### EXERCISE PROMPT
Gather every line from the entries below that includes "Dwgs".

### Items listed in a dataset
####

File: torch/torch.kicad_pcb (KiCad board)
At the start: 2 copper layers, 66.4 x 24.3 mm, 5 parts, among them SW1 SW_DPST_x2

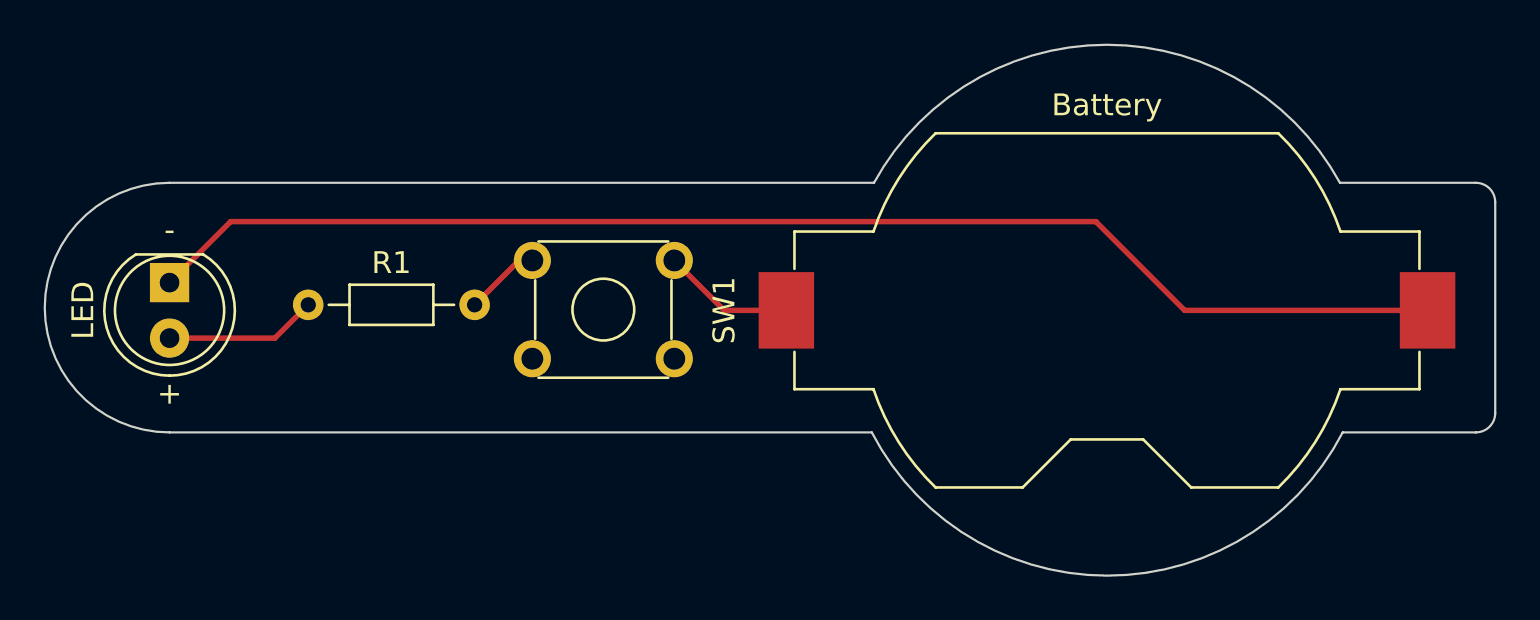
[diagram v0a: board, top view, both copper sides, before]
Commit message: feat: center resistor
Signed-off-by: Matt Gleich <git@mattglei.ch>
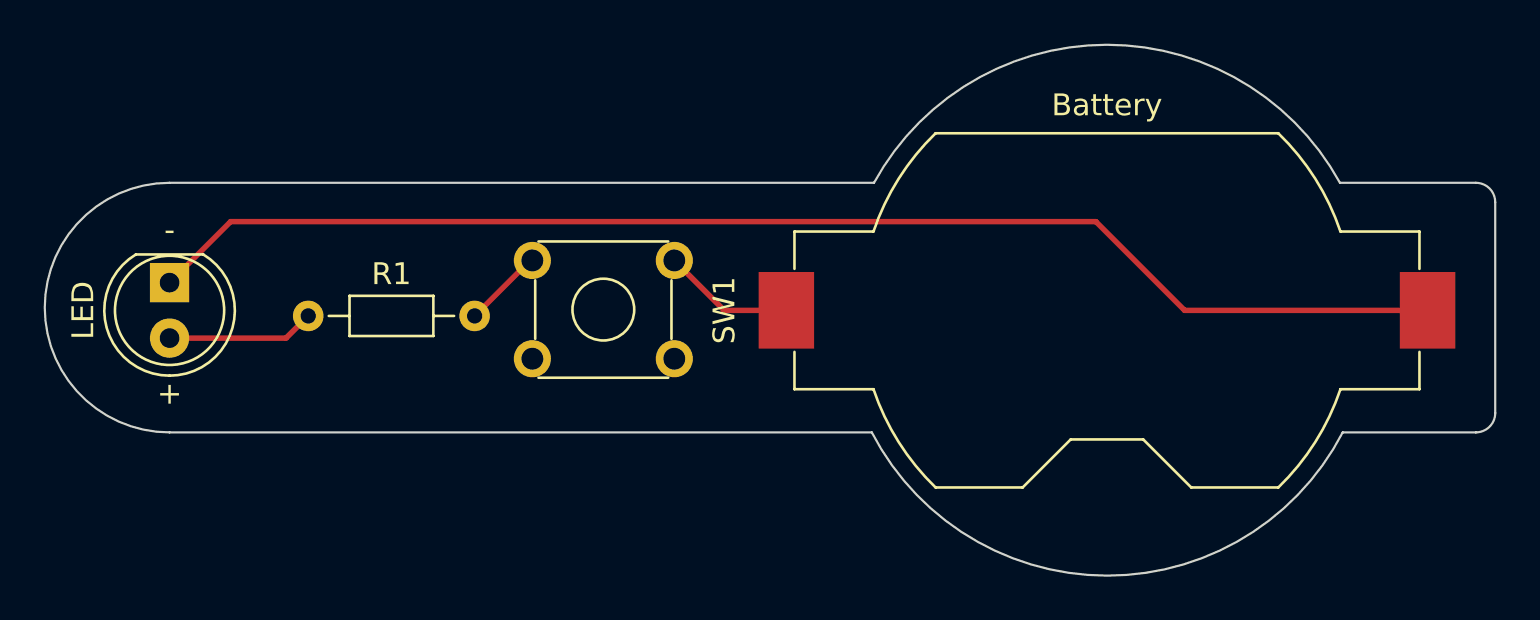
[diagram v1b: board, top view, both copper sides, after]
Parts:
- moved R1 0.51 mm to (131.1, 76.5)
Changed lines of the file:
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@@
   (net 4 "Net-(R1-Pad2)")
   (footprint "Resistor_THT:R_Axial_DIN0204_L3.6mm_D1.6mm_P7.62mm_Horizontal" (layer "F.Cu")
-    (at 131.064 75.946)
+    (at 131.064 76.454)
     (descr "Resistor, Axial_DIN0204 series, Axial, Horizontal, pin pitch=7.62mm, 0.167W, length*diameter=3.6*1.6mm^2, http://cdn-reichelt.de/documents/datenblatt/B400/1_4W%23YAG.pdf")
     (tags "Resistor Axial_DIN0204 series Axial Horizontal pin pitch 7.62mm 0.167W length 3.6mm diameter 1.6mm")
@@
   (gr_arc (start 185.42 80.899) (mid 185.159618 81.527618) (end 184.531 81.788) (layer "Edge.Cuts") (width 0.1))
   (gr_line (start 185.42 80.899) (end 185.42 71.247) (layer "Edge.Cuts") (width 0.1))
-  (gr_arc (start 178.435 81.788) (mid 167.653609 88.347285) (end 156.872217 81.788) (layer "Edge.Cuts") (width 0.1))
+  (gr_arc (start 178.435 81.788) (mid 167.653609 88.347284) (end 156.872217 81.788) (layer "Edge.Cuts") (width 0.1))
   (gr_arc (start 124.714 81.788) (mid 118.999 76.073) (end 124.714 70.358) (layer "Edge.Cuts") (width 0.1))
   (gr_line (start 156.972 70.358) (end 124.714 70.358) (layer "Edge.Cuts") (width 0.1))
@@
   (segment (start 127.508 72.136) (end 167.132 72.136) (width 0.25) (layer "F.Cu") (net 2))
   (segment (start 124.714 74.93) (end 127.508 72.136) (width 0.25) (layer "F.Cu") (net 2))
-  (segment (start 124.714 77.47) (end 129.54 77.47) (width 0.25) (layer "F.Cu") (net 3))
-  (segment (start 129.54 77.47) (end 131.064 75.946) (width 0.25) (layer "F.Cu") (net 3))
-  (segment (start 140.716 73.914) (end 141.328 73.914) (width 0.25) (layer "F.Cu") (net 4))
-  (segment (start 138.684 75.946) (end 140.716 73.914) (width 0.25) (layer "F.Cu") (net 4))
+  (segment (start 124.714 77.47) (end 130.048 77.47) (width 0.25) (layer "F.Cu") (net 3))
+  (segment (start 130.048 77.47) (end 131.064 76.454) (width 0.25) (layer "F.Cu") (net 3))
+  (segment (start 141.224 73.914) (end 141.328 73.914) (width 0.25) (layer "F.Cu") (net 4))
+  (segment (start 138.684 76.454) (end 141.224 73.914) (width 0.25) (layer "F.Cu") (net 4))
 )

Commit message: feat: dimensions
Signed-off-by: Matt Gleich <git@mattglei.ch>
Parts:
- moved R1 0.63 mm to (130.4, 76.5)
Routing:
- net Net-(R1-Pad2): track 3.70 -> 4.33 mm
- net /LED_anode: track 6.77 -> 6.14 mm
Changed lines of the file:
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@@
   (setup
     (pad_to_mask_clearance 0)
+    (aux_axis_origin 167.64 64.037139)
     (pcbplotparams
       (layerselection 0x00010fc_ffffffff)
@@
   (net 4 "Net-(R1-Pad2)")
   (footprint "Resistor_THT:R_Axial_DIN0204_L3.6mm_D1.6mm_P7.62mm_Horizontal" (layer "F.Cu")
-    (at 131.064 76.454)
+    (at 130.429 76.454)
     (descr "Resistor, Axial_DIN0204 series, Axial, Horizontal, pin pitch=7.62mm, 0.167W, length*diameter=3.6*1.6mm^2, http://cdn-reichelt.de/documents/datenblatt/B400/1_4W%23YAG.pdf")
     (tags "Resistor Axial_DIN0204 series Axial Horizontal pin pitch 7.62mm 0.167W length 3.6mm diameter 1.6mm")
@@
     (effects (font (size 1 1) (thickness 0.15)))
   )
+  (dimension (type aligned) (layer "Dwgs.User")
+    (pts (xy 118.999 76.073) (xy 185.42 76.073))
+    (height -18.542)
+    (gr_text "66.4210 mm" (at 152.2095 55.731) (layer "Dwgs.User")
+      (effects (font (size 1.5 1.5) (thickness 0.3)))
+    )
+    (format (units 3) (units_format 1) (precision 4))
+    (style (thickness 0.2) (arrow_length 1.27) (text_position_mode 0) (extension_height 0.58642) (extension_offset 0.5) keep_text_aligned)
+  )
+  (dimension (type aligned) (layer "Dwgs.User")
+    (pts (xy 167.64 64.037139) (xy 167.653609 88.347284))
+    (height -35.17183)
+    (gr_text "24.3101 mm" (at 204.618628 76.171514 270.0320722) (layer "Dwgs.User")
+      (effects (font (size 1.5 1.5) (thickness 0.3)))
+    )
+    (format (units 3) (units_format 1) (precision 4))
+    (style (thickness 0.2) (arrow_length 1.27) (text_position_mode 0) (extension_height 0.58642) (extension_offset 0.5) keep_text_aligned)
+  )
   (segment (start 150.114 76.2) (end 152.96 76.2) (width 0.25) (layer "F.Cu") (net 1))
   (segment (start 147.828 73.914) (end 150.114 76.2) (width 0.25) (layer "F.Cu") (net 1))
@@
   (segment (start 127.508 72.136) (end 167.132 72.136) (width 0.25) (layer "F.Cu") (net 2))
   (segment (start 124.714 74.93) (end 127.508 72.136) (width 0.25) (layer "F.Cu") (net 2))
-  (segment (start 124.714 77.47) (end 130.048 77.47) (width 0.25) (layer "F.Cu") (net 3))
-  (segment (start 130.048 77.47) (end 131.064 76.454) (width 0.25) (layer "F.Cu") (net 3))
-  (segment (start 141.224 73.914) (end 141.328 73.914) (width 0.25) (layer "F.Cu") (net 4))
-  (segment (start 138.684 76.454) (end 141.224 73.914) (width 0.25) (layer "F.Cu") (net 4))
+  (segment (start 124.714 77.47) (end 129.413 77.47) (width 0.25) (layer "F.Cu") (net 3))
+  (segment (start 129.413 77.47) (end 130.429 76.454) (width 0.25) (layer "F.Cu") (net 3))
+  (segment (start 140.589 73.914) (end 141.328 73.914) (width 0.25) (layer "F.Cu") (net 4))
+  (segment (start 138.049 76.454) (end 140.589 73.914) (width 0.25) (layer "F.Cu") (net 4))
 )

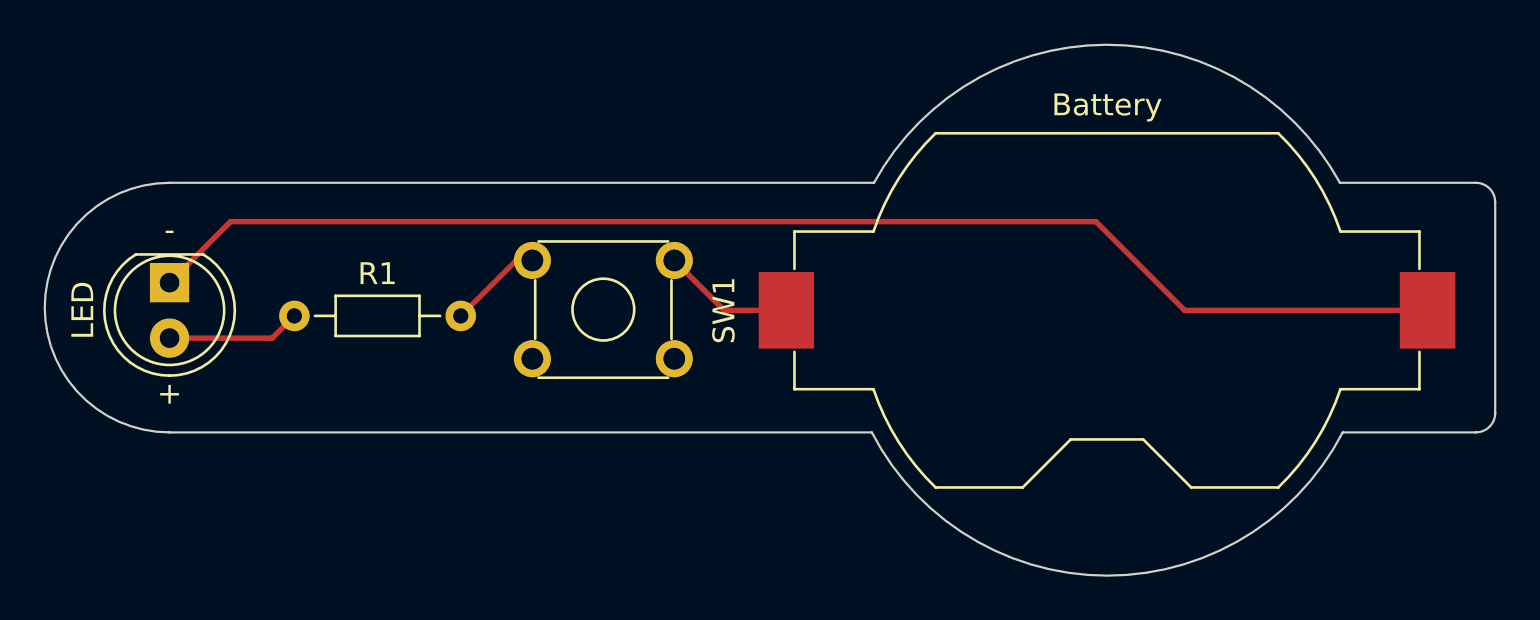
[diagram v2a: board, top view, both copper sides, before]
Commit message: feat: align items
Signed-off-by: Matt Gleich <git@mattglei.ch>
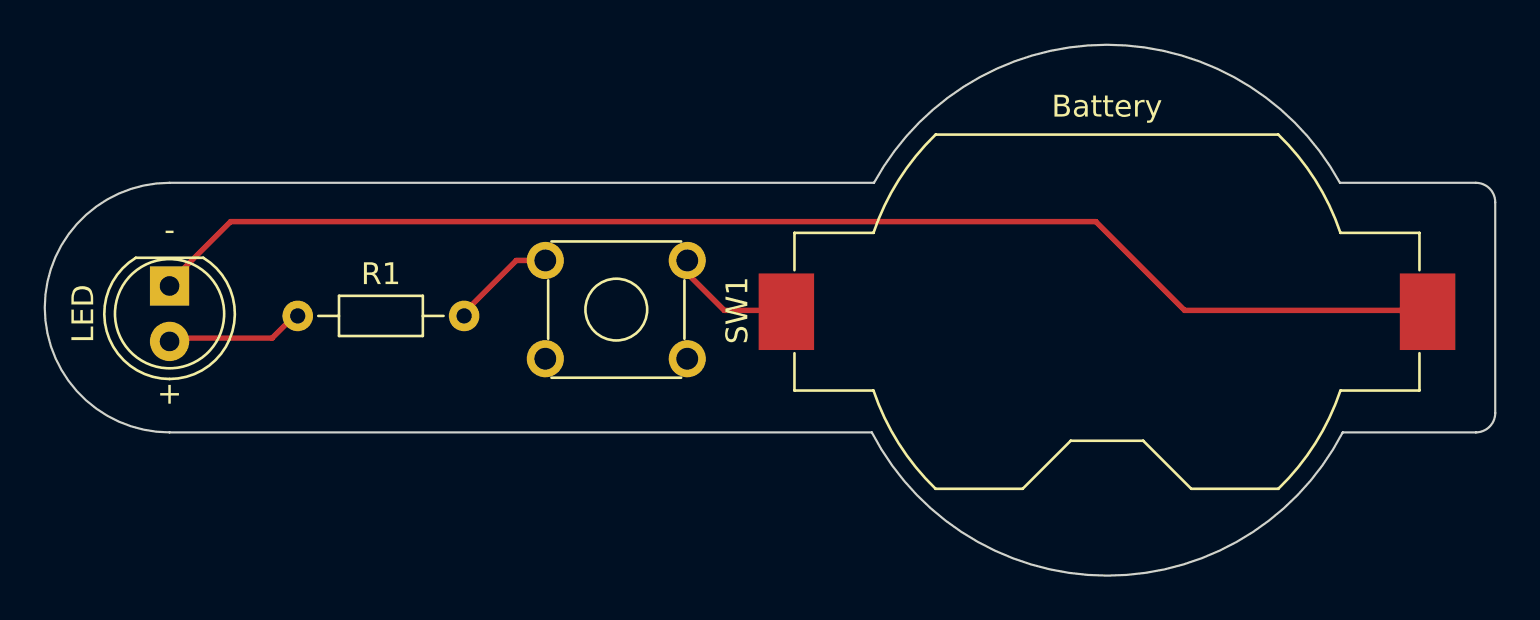
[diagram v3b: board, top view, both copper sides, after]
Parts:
- moved SW1 0.59 mm to (141.9, 73.9)
- moved R1 0.15 mm to (130.6, 76.5)
- moved D1 0.15 mm to (124.7, 75.1)
- moved BT1 0.06 mm to (167.6, 76.3)
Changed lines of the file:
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@@
   (net 4 "Net-(R1-Pad2)")
   (footprint "Resistor_THT:R_Axial_DIN0204_L3.6mm_D1.6mm_P7.62mm_Horizontal" (layer "F.Cu")
-    (at 130.429 76.454)
+    (at 130.582666 76.453998)
     (descr "Resistor, Axial_DIN0204 series, Axial, Horizontal, pin pitch=7.62mm, 0.167W, length*diameter=3.6*1.6mm^2, http://cdn-reichelt.de/documents/datenblatt/B400/1_4W%23YAG.pdf")
     (tags "Resistor Axial_DIN0204 series Axial Horizontal pin pitch 7.62mm 0.167W length 3.6mm diameter 1.6mm")
@@
   )
   (footprint "Button_Switch_THT:SW_TH_Tactile_Omron_B3F-10xx" (layer "F.Cu")
-    (at 141.328 73.914)
+    (at 141.921332 73.914)
     (descr "SW_TH_Tactile_Omron_B3F-10xx_https://www.omron.com/ecb/products/pdf/en-b3f.pdf")
     (tags "Omron B3F-10xx")
@@
   )
   (footprint "Battery:BatteryHolder_Keystone_1058_1x2032" (layer "F.Cu")
-    (at 167.64 76.2)
+    (at 167.64 76.260666)
     (descr "http://www.keyelco.com/product-pdf.cfm?p=14028")
     (tags "Keystone type 1058 coin cell retainer")
@@
   )
   (footprint "LED_THT:LED_D5.0mm" (layer "F.Cu")
-    (at 124.714 74.93 -90)
+    (at 124.714 75.082332 -90)
     (descr "LED, diameter 5.0mm, 2 pins, http://cdn-reichelt.de/documents/datenblatt/A500/LL-504BC2E-009.pdf")
     (tags "LED diameter 5.0mm 2 pins")

####

### THE ANSWER
+  (dimension (type aligned) (layer "Dwgs.User")
+    (gr_text "66.4210 mm" (at 152.2095 55.731) (layer "Dwgs.User")
+  (dimension (type aligned) (layer "Dwgs.User")
+    (gr_text "24.3101 mm" (at 204.618628 76.171514 270.0320722) (layer "Dwgs.User")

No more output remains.